Scrooge lives in our minds as a morally crippled miser who begrudges aid for the unfortunate because of his own shriveled soul. Dickens, never the most subtle novelist, enlightens him through miraculous visions.
What would it take to convert today’s GOP from its “Bah, humbug” campaign against the poor? What could change politicians willing to let food-stamp help for households of four with children, the aged and disabled shrink from a maximum of $668 a month to $432 over a year, leaving them an average of $1.40 per meal or 35 cents each?
Callous is not enough to explain it. Republican governor John Kasich of Ohio declares, “I’m concerned about the fact there seems to be a war on the poor. That, if you’re poor, somehow you’re shiftless and lazy.”

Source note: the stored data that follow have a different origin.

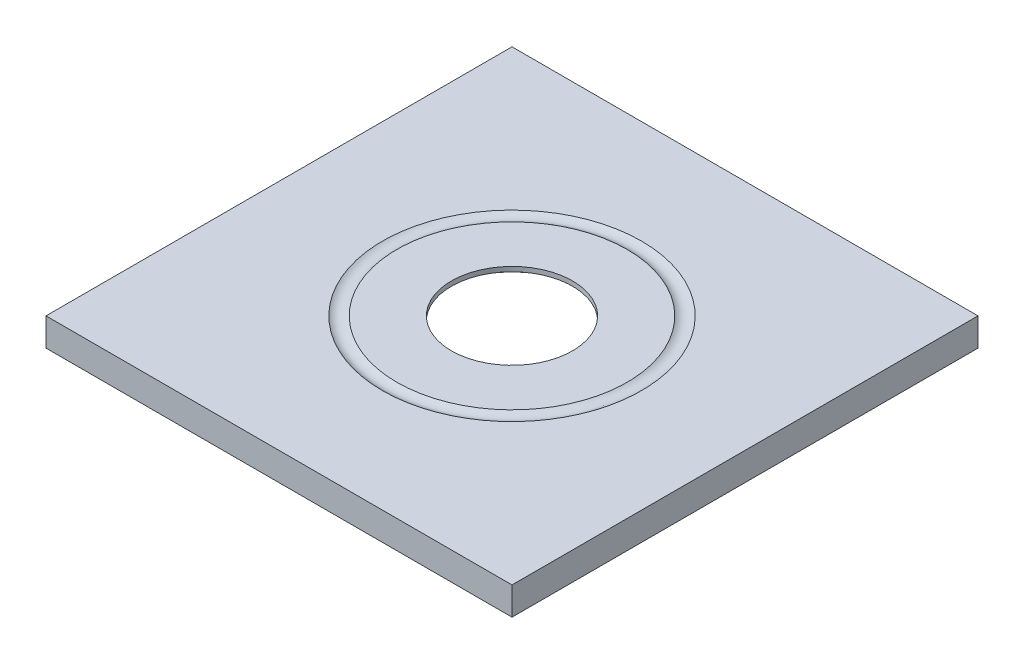
from build123d import *

# Parameters (mm, degrees)
SKETCH2_W           = 200
SKETCH2_H           = 200
SKETCH2_R           = 60
BOSS_EXTRUDE1_DEPTH = 12
BOSS_EXTRUDE2_START = -2
SKETCH3_R           = 40
SKETCH3_R_2         = 26
BOSS_EXTRUDE2_DEPTH = 2


with BuildPart() as part:
    # Sketch1 → Revolve1 (revolve)
    with BuildSketch(Plane(origin=(0, 0, 0), x_dir=(-1, 0, 0), z_dir=(0, 0, -1)), mode=Mode.PRIVATE) as revolve1_sk:
        with BuildLine():
            Line((-40, 4), (-40, -8))
            Line((-40, -8), (-49.4043, -8))
            ThreePointArc((-49.4043, -8), (-52.5, -6.965718833), (-55.5957, -8))
            Line((-55.5957, -8), (-60, -8))
            Line((-60, -8), (-60, 4))
            Line((-60, 4), (-55.5957, 4))
            ThreePointArc((-55.5957, 4), (-52.5, 2.965718833), (-49.4043, 4))
            Line((-49.4043, 4), (-40, 4))
        make_face()
    revolve(revolve1_sk.sketch.rotate(Axis((0, 0, 0), (0, 1, 0)), 270), axis=Axis((0, 0, 0), (0, 1, 0)))

    # Sketch2 → Boss-Extrude1 (add)
    with BuildSketch(Plane(origin=(0, 4, 0), x_dir=(1, 0, 0), z_dir=(0, 1, 0))):
        Rectangle(SKETCH2_W, SKETCH2_H)
        Circle(SKETCH2_R, mode=Mode.SUBTRACT)
    extrude(amount=-BOSS_EXTRUDE1_DEPTH)

    # Sketch3 → Boss-Extrude2 (add)
    with BuildSketch(Plane(origin=(0, 4, 0), x_dir=(1, 0, 0), z_dir=(0, 1, 0)).offset(BOSS_EXTRUDE2_START)):
        with Locations(Location((0, 0, 0), (0, 0, 270))):
            Circle(SKETCH3_R)
        with Locations(Location((0, 0, 0), (0, 0, 270))):
            Circle(SKETCH3_R_2, mode=Mode.SUBTRACT)
    extrude(amount=BOSS_EXTRUDE2_DEPTH)


solid = part.part
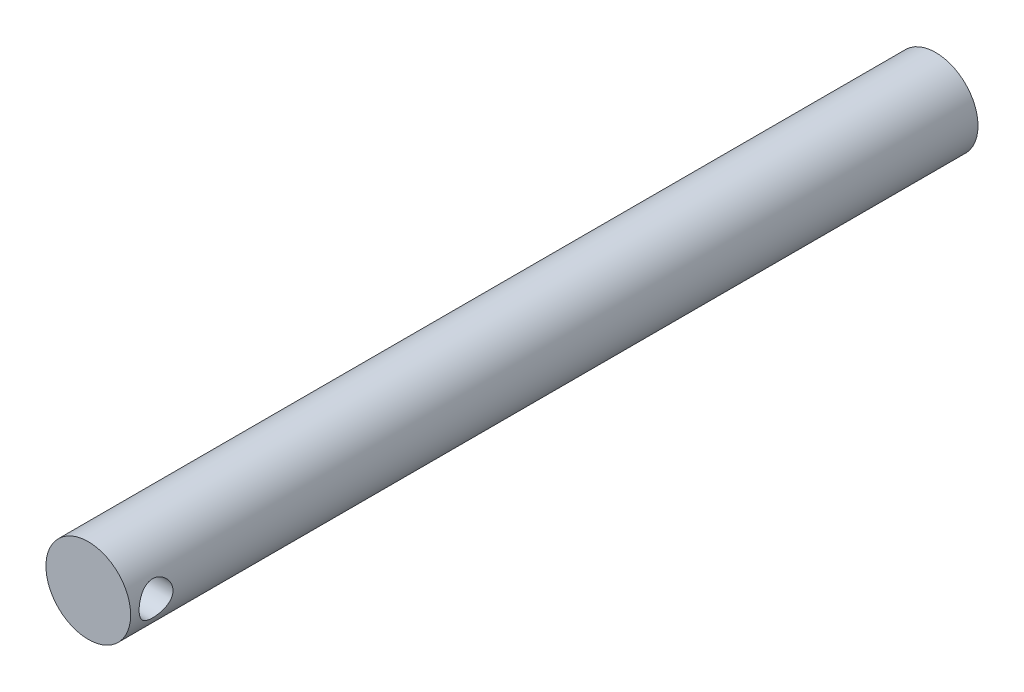
from build123d import *

# Parameters (mm, degrees)
SKETCH_1_R               = 2.5
EXTRUDE_1_DEPTH          = 50
CUT_EXTRUDE_1_DEPTH      = 51.124844139
CUT_EXTRUDE_1_DEPTH_BACK = 51.124844139
SKETCH_3_R               = 1


with BuildPart() as part:
    # 草图1 → 凸台-拉伸1 (new body)
    with BuildSketch(Plane.XY):
        Circle(SKETCH_1_R)
    extrude(amount=EXTRUDE_1_DEPTH)

    # 草图3 → 切除-拉伸1 (cut, two sides: drawn at the far end of the back side and taken through both)
    with BuildSketch(Plane(origin=(0, 0, 0), x_dir=(0, 0, -1), z_dir=(1, 0, 0)).offset(-CUT_EXTRUDE_1_DEPTH_BACK)):
        with Locations((-48.5, 0)):
            Circle(SKETCH_3_R)
    extrude(amount=CUT_EXTRUDE_1_DEPTH + CUT_EXTRUDE_1_DEPTH_BACK, mode=Mode.SUBTRACT)


solid = part.part

The answer, suggests Paul Krugman, involves more than the credo of Paul Ryan’s former idol Ayn Rand, decrying the underprivileged as “looters and moochers” who sap the rewards of those who make money and are, by definition, worthy of all they can get.
Krugman cites research showing Republicans “’very conscious of being white in a country that is increasingly minority’–and seeing the social safety net both as something that helps Those People, not people like themselves, and binds the rising nonwhite population to the Democratic Party. And, yes, the Medicaid expansion many states are rejecting would disproportionately have helped poor blacks.”
Adding racial fears to Baby Boomer sense of over-entitlement begins to fill out the picture.